GBC: Gradient boosting consensus model for heterogeneous data


  • This article is a part of the special issue based on the Best of SDM 2012, Statistical Analysis and Data Mining, volume 7, issue 1.


With the rapid development of database technologies, multiple data sources may be available for a given learning task (e.g. collaborative filtering). However, the data sources may contain different types of features. For example, users' profiles can be used to build recommendation systems. In addition, a model can also use users' historical behaviors and social networks to infer users' interests on related products. We argue that it is desirable to collectively use any available multiple heterogeneous data sources in order to build effective learning models. We call this framework heterogeneous learning. In our proposed setting, data sources can include (i) nonoverlapping features, (ii) nonoverlapping instances, and (iii) multiple networks (i.e. graphs) that connect instances. In this paper, we propose a general optimization framework for heterogeneous learning, and devise a corresponding learning model from gradient boosting.

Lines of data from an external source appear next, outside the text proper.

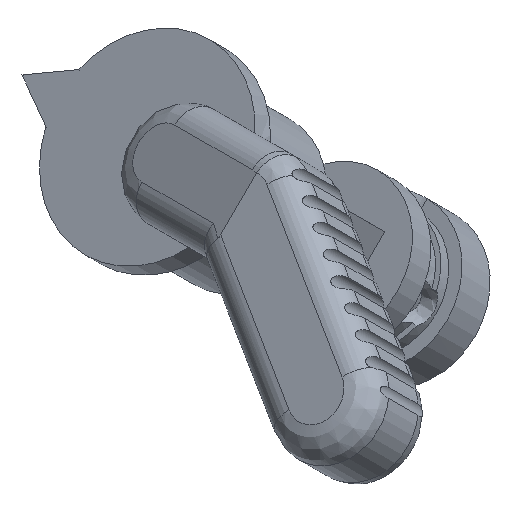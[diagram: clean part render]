
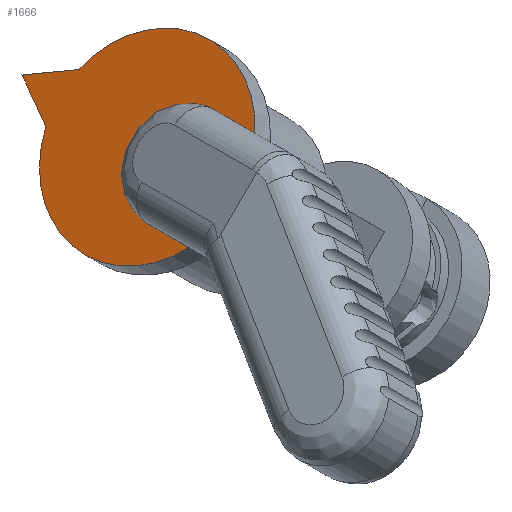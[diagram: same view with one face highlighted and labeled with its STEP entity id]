
A CAD part, isometric view. The second image highlights one B-rep face of the part: STEP entity #1666.
In plain terms, the highlighted planar face has unit normal (-0.707, 0, 0.707).
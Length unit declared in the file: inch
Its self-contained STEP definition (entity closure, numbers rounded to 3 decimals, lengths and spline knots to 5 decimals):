
#182=CIRCLE('',#1798,0.125);
#193=CIRCLE('',#1828,0.23622);
#194=CIRCLE('',#1830,0.23622);
#287=FACE_OUTER_BOUND('',#381,.T.);
#381=EDGE_LOOP('',(#1472,#1473,#1474,#1475,#1476,#1477,#1478));
#465=LINE('',#3036,#583);
#482=LINE('',#3206,#600);
#503=LINE('',#3869,#621);
#505=LINE('',#3873,#623);
#583=VECTOR('',#2053,0.3937);
#600=VECTOR('',#2132,0.3937);
#621=VECTOR('',#2213,0.3937);
#623=VECTOR('',#2217,0.3937);
#736=VERTEX_POINT('',#3016);
#739=VERTEX_POINT('',#3025);
#763=VERTEX_POINT('',#3203);
#764=VERTEX_POINT('',#3205);
#797=VERTEX_POINT('',#3866);
#798=VERTEX_POINT('',#3868);
#799=VERTEX_POINT('',#3872);
#935=EDGE_CURVE('',#739,#736,#465,.F.);
#974=EDGE_CURVE('',#764,#763,#482,.T.);
#978=EDGE_CURVE('',#763,#736,#182,.T.);
#1030=EDGE_CURVE('',#798,#797,#503,.T.);
#1032=EDGE_CURVE('',#799,#798,#505,.T.);
#1034=EDGE_CURVE('',#799,#739,#193,.T.);
#1035=EDGE_CURVE('',#797,#764,#194,.T.);
#1472=ORIENTED_EDGE('',*,*,#1035,.T.);
#1473=ORIENTED_EDGE('',*,*,#974,.T.);
#1474=ORIENTED_EDGE('',*,*,#978,.T.);
#1475=ORIENTED_EDGE('',*,*,#935,.F.);
#1476=ORIENTED_EDGE('',*,*,#1034,.F.);
#1477=ORIENTED_EDGE('',*,*,#1032,.T.);
#1478=ORIENTED_EDGE('',*,*,#1030,.T.);
#1579=PLANE('',#1831);
#1666=ADVANCED_FACE('',(#287),#1579,.T.);
#1798=AXIS2_PLACEMENT_3D('',#3212,#2140,#2141);
#1828=AXIS2_PLACEMENT_3D('',#3876,#2221,#2222);
#1830=AXIS2_PLACEMENT_3D('',#3878,#2225,#2226);
#1831=AXIS2_PLACEMENT_3D('',#3879,#2227,#2228);
#2053=DIRECTION('',(0.,-1.,0.));
#2132=DIRECTION('',(0.,1.,0.));
#2140=DIRECTION('center_axis',(0.707,0.,-0.707));
#2141=DIRECTION('ref_axis',(-0.707,0.,-0.707));
#2213=DIRECTION('',(-0.354,-0.866,-0.354));
#2217=DIRECTION('',(-0.354,0.866,-0.354));
#2221=DIRECTION('center_axis',(0.707,0.,-0.707));
#2222=DIRECTION('ref_axis',(0.,-1.,0.));
#2225=DIRECTION('center_axis',(-0.707,0.,0.707));
#2226=DIRECTION('ref_axis',(0.,-1.,0.));
#2227=DIRECTION('center_axis',(-0.707,0.,0.707));
#2228=DIRECTION('ref_axis',(0.,-1.,0.));
#3016=CARTESIAN_POINT('',(0.05793,-0.12013,0.25257));
#3025=CARTESIAN_POINT('',(0.05793,-0.2005,0.25257));
#3036=CARTESIAN_POINT('',(0.05793,-0.15355,0.25257));
#3203=CARTESIAN_POINT('',(-0.11878,-0.125,0.07586));
#3205=CARTESIAN_POINT('',(-0.11878,-0.20044,0.07586));
#3206=CARTESIAN_POINT('',(-0.11878,-0.725,0.07586));
#3212=CARTESIAN_POINT('Origin',(-0.03039,-0.125,0.16425));
#3866=CARTESIAN_POINT('',(-0.07467,0.22777,0.11997));
#3868=CARTESIAN_POINT('',(-0.03039,0.33622,0.16425));
#3869=CARTESIAN_POINT('',(-0.03039,0.33622,0.16425));
#3872=CARTESIAN_POINT('',(0.01388,0.22777,0.20852));
#3873=CARTESIAN_POINT('',(0.01388,0.22777,0.20852));
#3876=CARTESIAN_POINT('Origin',(-0.03039,0.,0.16425));
#3878=CARTESIAN_POINT('Origin',(-0.03039,0.,0.16425));
#3879=CARTESIAN_POINT('Origin',(-0.03039,0.06789,
0.16425));

The idea is to minimize the empirical loss with two constraints: (1) there should be consensus among the predictions of overlapping instances (if any) from different data sources; (2) connected instances in graph datasets may have similar predictions. The objective function is solved by stochastic gradient boosting trees. Furthermore, a weighting strategy is designed to emphasize informative data sources, and deemphasize the noisy ones. We formally prove that the proposed strategy leads to a tighter error bound. This approach consistently outperforms a standard concatenation of data sources on movie rating prediction, number recognition, and terrorist attack detection tasks. Furthermore, the approach is evaluated on AT&T's distributed database with over 500 000 instances, 91 different data sources, and over 45 000 000 joined features. We observe that the proposed model can improve out-of-sample error rate substantially.